**Records provided**
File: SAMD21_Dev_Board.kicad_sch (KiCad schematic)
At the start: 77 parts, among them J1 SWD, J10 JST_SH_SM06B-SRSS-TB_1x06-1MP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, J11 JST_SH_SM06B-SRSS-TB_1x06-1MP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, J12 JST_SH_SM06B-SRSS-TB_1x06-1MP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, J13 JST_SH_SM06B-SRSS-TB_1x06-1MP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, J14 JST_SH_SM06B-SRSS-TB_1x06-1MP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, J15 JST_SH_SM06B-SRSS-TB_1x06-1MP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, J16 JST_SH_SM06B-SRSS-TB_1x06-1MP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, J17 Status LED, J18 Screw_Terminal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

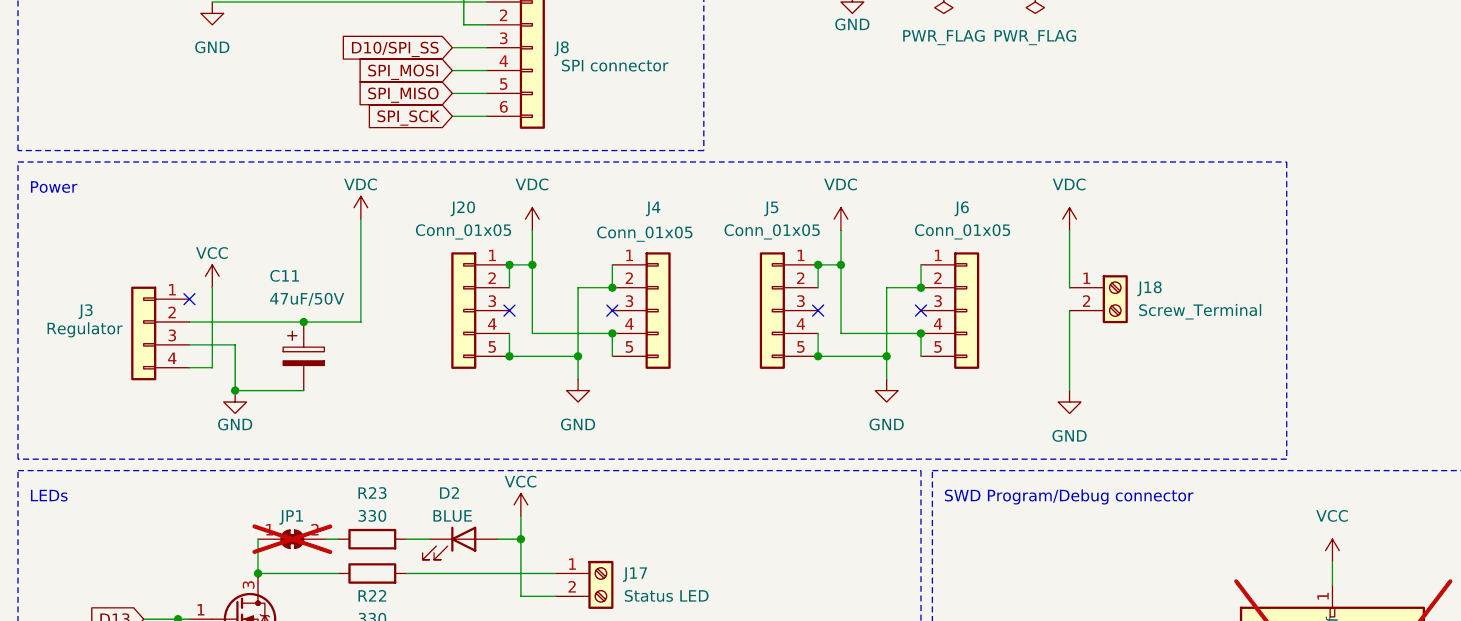
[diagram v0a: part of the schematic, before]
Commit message: SWD port moved closer to the edge to be able use the pogo pins clip
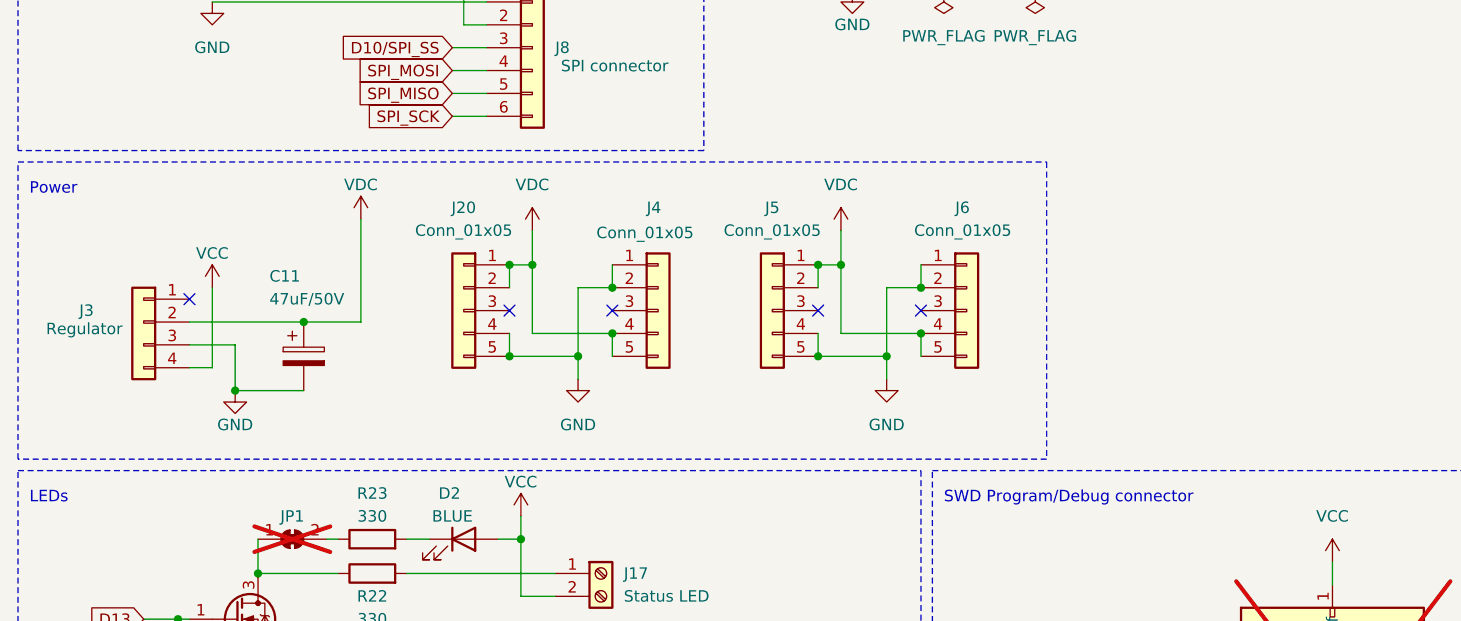
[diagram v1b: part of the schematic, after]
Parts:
- removed J18: Screw_Terminal, TerminalBlock_4Ucon:TerminalBlock_4Ucon_1x02_P3.50mm_Horizontal, symbol Connector:Screw_Terminal_01x02
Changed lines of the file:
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@@
 	(wire
 		(pts
-			(xy 132.08 196.85) (xy 132.08 203.2)
-		)
-		(stroke
-			(width 0)
-			(type default)
-		)
-	)
-	(wire
-		(pts
 			(xy 143.51 111.76) (xy 160.02 111.76)
 		)
@@
 	(wire
 		(pts
-			(xy 132.08 205.74) (xy 132.08 214.63)
-		)
-		(stroke
-			(width 0)
-			(type default)
-		)
-	)
-	(wire
-		(pts
 			(xy 104.14 200.66) (xy 106.68 200.66)
 		)
@@
 	(rectangle
 		(start 15.24 189.23)
-		(end 156.21 222.25)
+		(end 129.54 222.25)
 		(stroke
 			(width 0)
@@
 	)
 	(symbol
-		(lib_id "Connector:Screw_Terminal_01x02")
-		(at 137.16 203.2 0)
-		(unit 1)
-		(exclude_from_sim no)
-		(in_bom yes)
-		(on_board yes)
-		(dnp no)
-		(fields_autoplaced yes)
-		(property "Reference" "J18"
-			(at 139.7 203.2 0)
-			(effects
-				(font
-					(size 1.27 1.27)
-				)
-				(justify left)
-			)
-		)
-		(property "Value" "Screw_Terminal"
-			(at 139.7 205.74 0)
-			(effects
-				(font
-					(size 1.27 1.27)
-				)
-				(justify left)
-			)
-		)
-		(property "Footprint" "TerminalBlock_4Ucon:TerminalBlock_4Ucon_1x02_P3.50mm_Horizontal"
-			(at 137.16 203.2 0)
-			(effects
-				(font
-					(size 1.27 1.27)
-				)
-				(hide yes)
-			)
-		)
-		(property "Datasheet" "~"
-			(at 137.16 203.2 0)
-			(effects
-				(font
-					(size 1.27 1.27)
-				)
-				(hide yes)
-			)
-		)
-		(property "Description" ""
-			(at 137.16 203.2 0)
-			(effects
-				(font
-					(size 1.27 1.27)
-				)
-				(hide yes)
-			)
-		)
-		(property "MPN" "C695629"
-			(at 137.16 203.2 0)
-			(effects
-				(font
-					(size 1.27 1.27)
-				)
-				(hide yes)
-			)
-		)
-		(property "Feeder" ""
-			(at 137.16 203.2 0)
-			(effects
-				(font
-					(size 1.27 1.27)
-				)
-				(hide yes)
-			)
-		)
-		(pin "1"
-		)
-		(pin "2"
-		)
-		(instances
-			(project "SAMD21_Dev_Board"
-				(path "/1a1c72da-99f5-4976-b608-38ee505f2b67"
-					(reference "J18")
-					(unit 1)
-				)
-			)
-		)
-	)
-	(symbol
 		(lib_id "Device:C")
 		(at 271.78 238.76 0)
@@
 	)
 	(symbol
-		(lib_id "power:VDC")
-		(at 132.08 196.85 0)
-		(unit 1)
-		(exclude_from_sim no)
-		(in_bom yes)
-		(on_board yes)
-		(dnp no)
-		(fields_autoplaced yes)
-		(property "Reference" "#PWR052"
-			(at 132.08 199.39 0)
-			(effects
-				(font
-					(size 1.27 1.27)
-				)
-				(hide yes)
-			)
-		)
-		(property "Value" "VDC"
-			(at 132.08 191.77 0)
-			(effects
-				(font
-					(size 1.27 1.27)
-				)
-			)
-		)
-		(property "Footprint" ""
-			(at 132.08 196.85 0)
-			(effects
-				(font
-					(size 1.27 1.27)
-				)
-				(hide yes)
-			)
-		)
-		(property "Datasheet" ""
-			(at 132.08 196.85 0)
-			(effects
-				(font
-					(size 1.27 1.27)
-				)
-				(hide yes)
-			)
-		)
-		(property "Description" "Power symbol creates a global label with name \"VDC\""
-			(at 132.08 196.85 0)
-			(effects
-				(font
-					(size 1.27 1.27)
-				)
-				(hide yes)
-			)
-		)
-		(pin "1"
-		)
-		(instances
-			(project "SAMD21_Dev_Board"
-				(path "/1a1c72da-99f5-4976-b608-38ee505f2b67"
-					(reference "#PWR052")
-					(unit 1)
-				)
-			)
-		)
-	)
-	(symbol
 		(lib_id "power:GND")
 		(at 39.37 214.63 0)
@@
 					(unit 1)
 				)
-			)
-		)
-	)
-	(symbol
-		(lib_id "power:GND")
-		(at 132.08 214.63 0)
-		(unit 1)
-		(exclude_from_sim no)
-		(in_bom yes)
-		(on_board yes)
-		(dnp no)
-		(fields_autoplaced yes)
-		(property "Reference" "#PWR051"
-			(at 132.08 220.98 0)
-			(effects
-				(font
-					(size 1.27 1.27)
-				)
-				(hide yes)
-			)
-		)
-		(property "Value" "GND"
-			(at 132.08 219.71 0)
-			(effects
-				(font
-					(size 1.27 1.27)
-				)
-			)
-		)
-		(property "Footprint" ""
-			(at 132.08 214.63 0)
-			(effects
-				(font
-					(size 1.27 1.27)
-				)
-				(hide yes)
-			)
-		)
-		(property "Datasheet" ""
-			(at 132.08 214.63 0)
-			(effects
-				(font
-					(size 1.27 1.27)
-				)
-				(hide yes)
-			)
-		)
-		(property "Description" "Power symbol creates a global label with name \"GND\" , ground"
-			(at 132.08 214.63 0)
-			(effects
-				(font
-					(size 1.27 1.27)
-				)
-				(hide yes)
-			)
-		)
-		(pin "1"
-		)
-		(instances
-			(project "SAMD21_Dev_Board"
-				(path "/1a1c72da-99f5-4976-b608-38ee505f2b67"
-					(reference "#PWR051")
-					(unit 1)
-				)

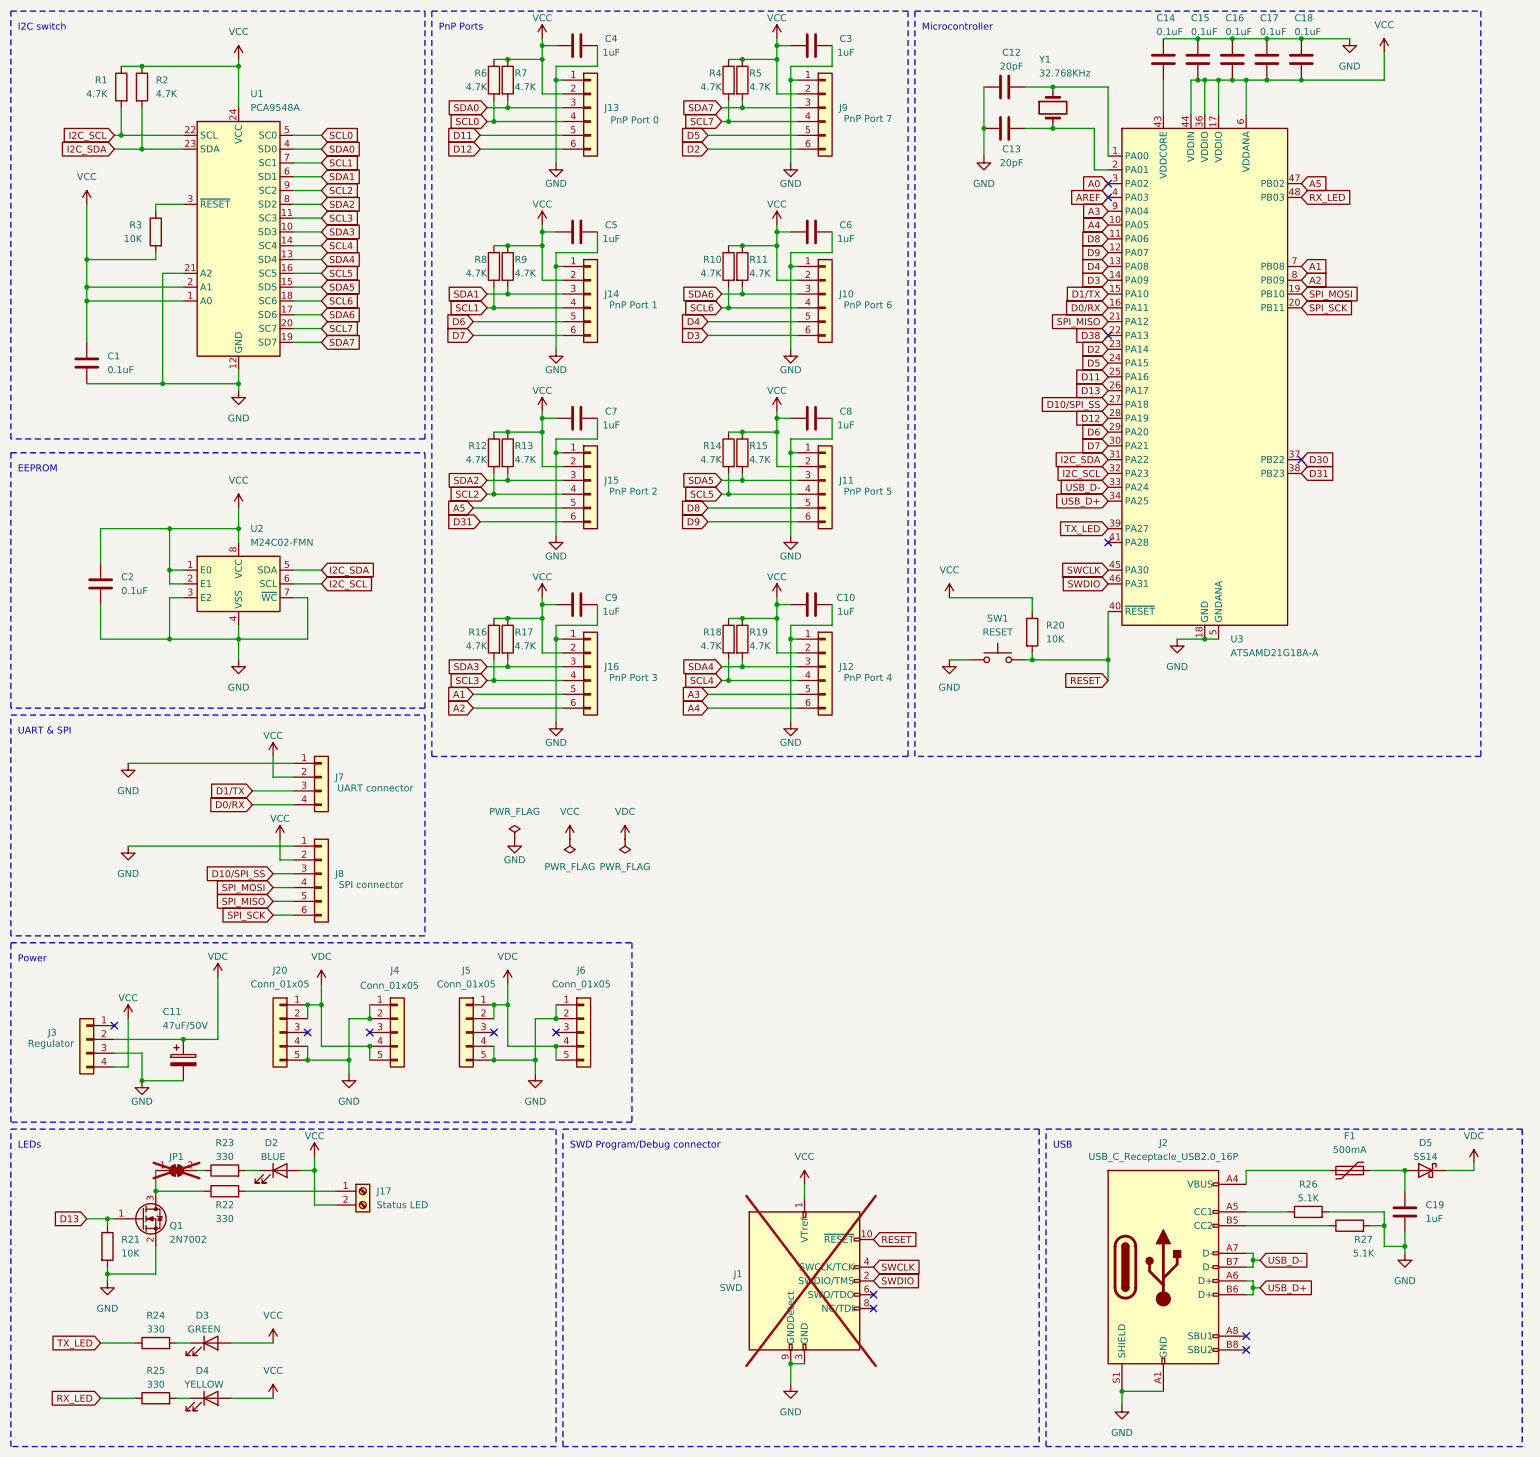
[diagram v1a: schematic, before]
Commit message: Fiducials change to 1mm footprint Using D4 line for status LED (can do PWM) instead of D13 Bootloader updated accordingly
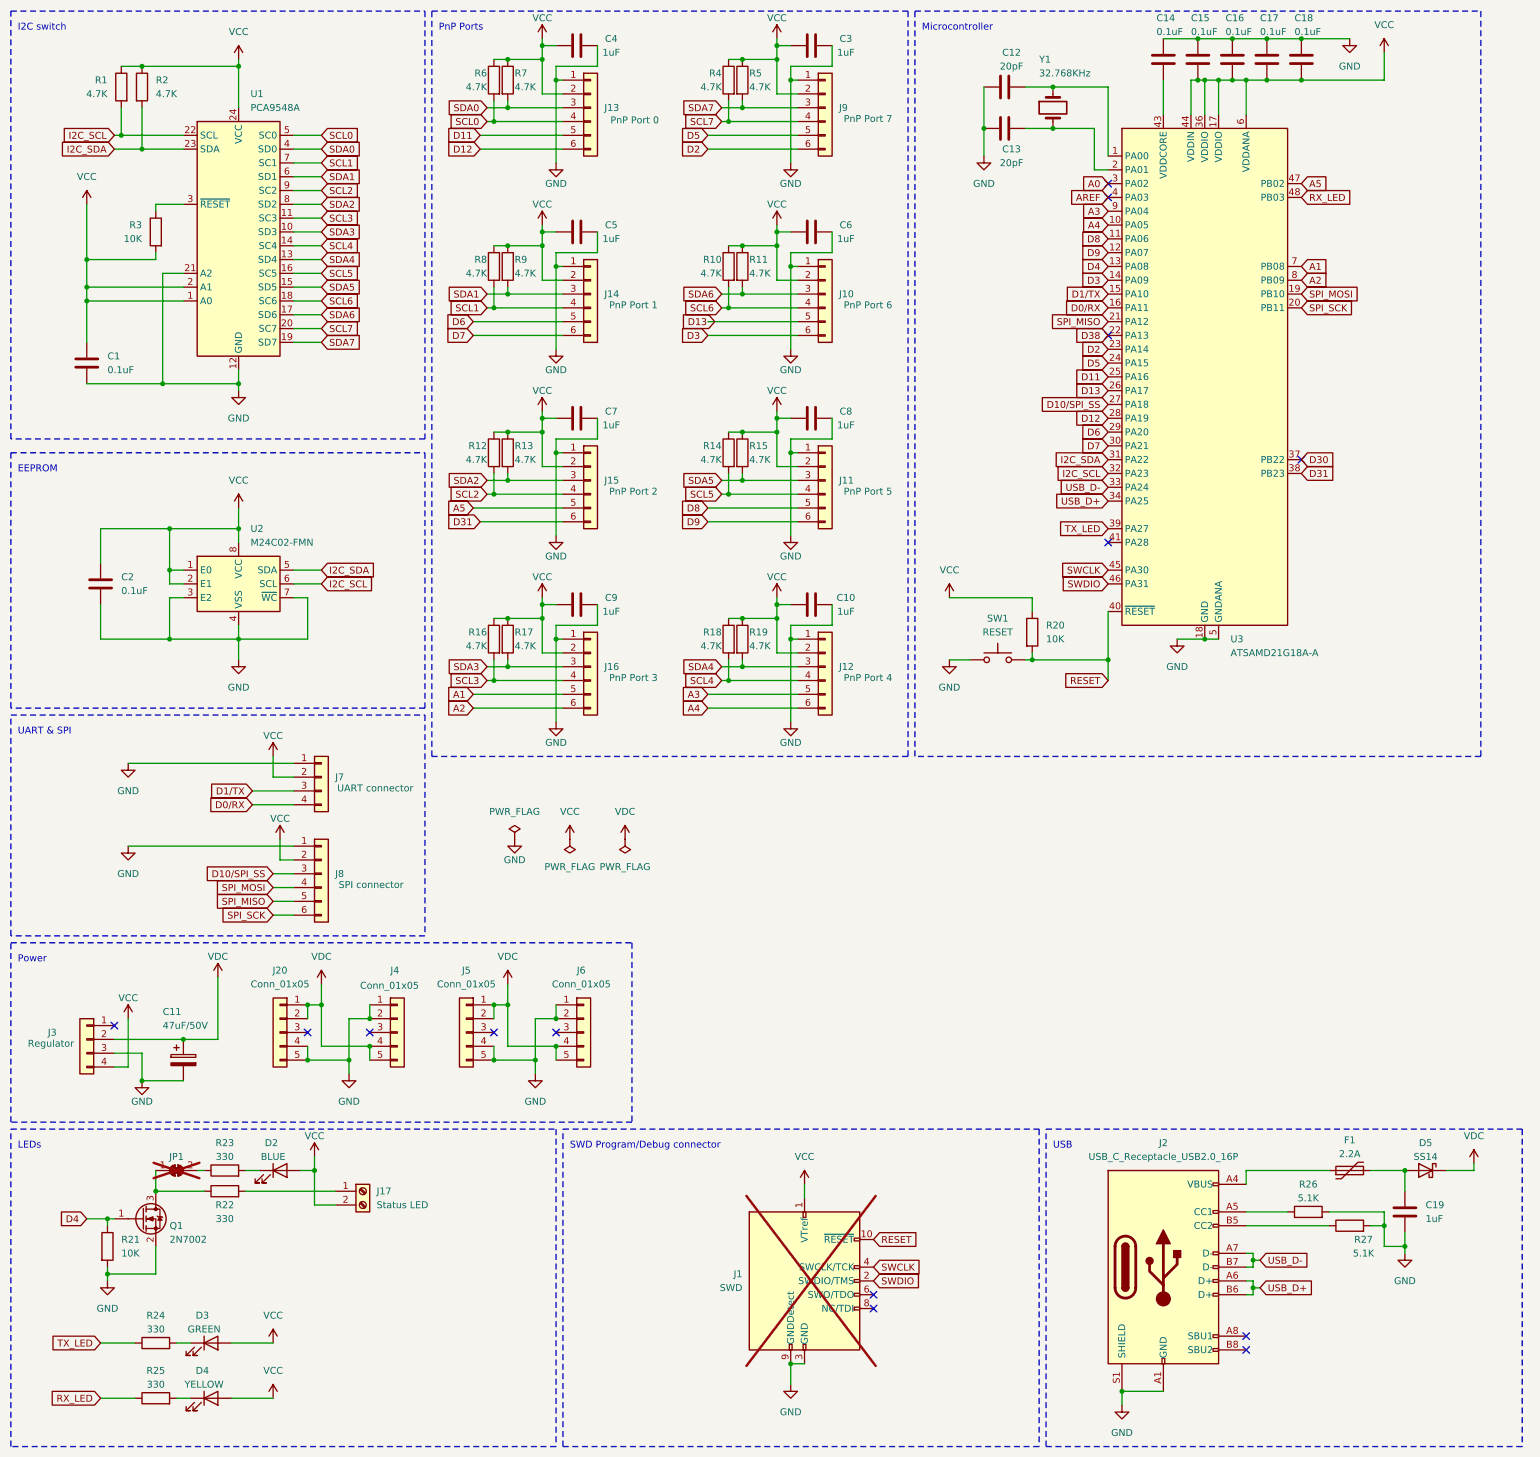
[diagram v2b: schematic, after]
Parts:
- F1: value 500mA -> 2.2A; MPN C883126 -> C89654
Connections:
- net D13: now also J10.5 (Pin_5); no longer Q1.1 (G), R21.1
- net D4: now also Q1.1 (G), R21.1; no longer J10.5 (Pin_5)
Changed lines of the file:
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@@
 		)
 	)
-	(global_label "D4"
+	(global_label "D13"
 		(shape input)
-		(at 143.51 74.93 180)
+		(at 144.78 74.93 180)
 		(fields_autoplaced yes)
 		(effects
@@
 		)
 		(property "Intersheetrefs" "${INTERSHEET_REFS}"
-			(at 138.0453 74.93 0)
+			(at 138.1058 74.93 0)
 			(effects
 				(font
@@
 		)
 	)
-	(global_label "D13"
+	(global_label "D4"
 		(shape input)
 		(at 29.21 240.03 180)
@@
 		)
 		(property "Intersheetrefs" "${INTERSHEET_REFS}"
-			(at 22.5358 240.03 0)
+			(at 23.7453 240.03 0)
 			(effects
 				(font
@@
 		(on_board yes)
 		(dnp no)
-		(fields_autoplaced yes)
 		(property "Reference" "F1"
-			(at 261.62 224.79 90)
+			(at 261.62 225.552 90)
 			(effects
 				(font
@@
 			)
 		)
-		(property "Value" "500mA"
-			(at 261.62 227.33 90)
+		(property "Value" "2.2A"
+			(at 261.62 228.092 90)
 			(effects
 				(font
@@
 			)
 		)
-		(property "MPN" "C883126"
+		(property "MPN" "C89654"
 			(at 261.62 231.14 0)
 			(effects

**Exercise objective**
In the entries above, find each line with the string "also" and copy it.

**Answer box**
- net D13: now also J10.5 (Pin_5); no longer Q1.1 (G), R21.1
- net D4: now also Q1.1 (G), R21.1; no longer J10.5 (Pin_5)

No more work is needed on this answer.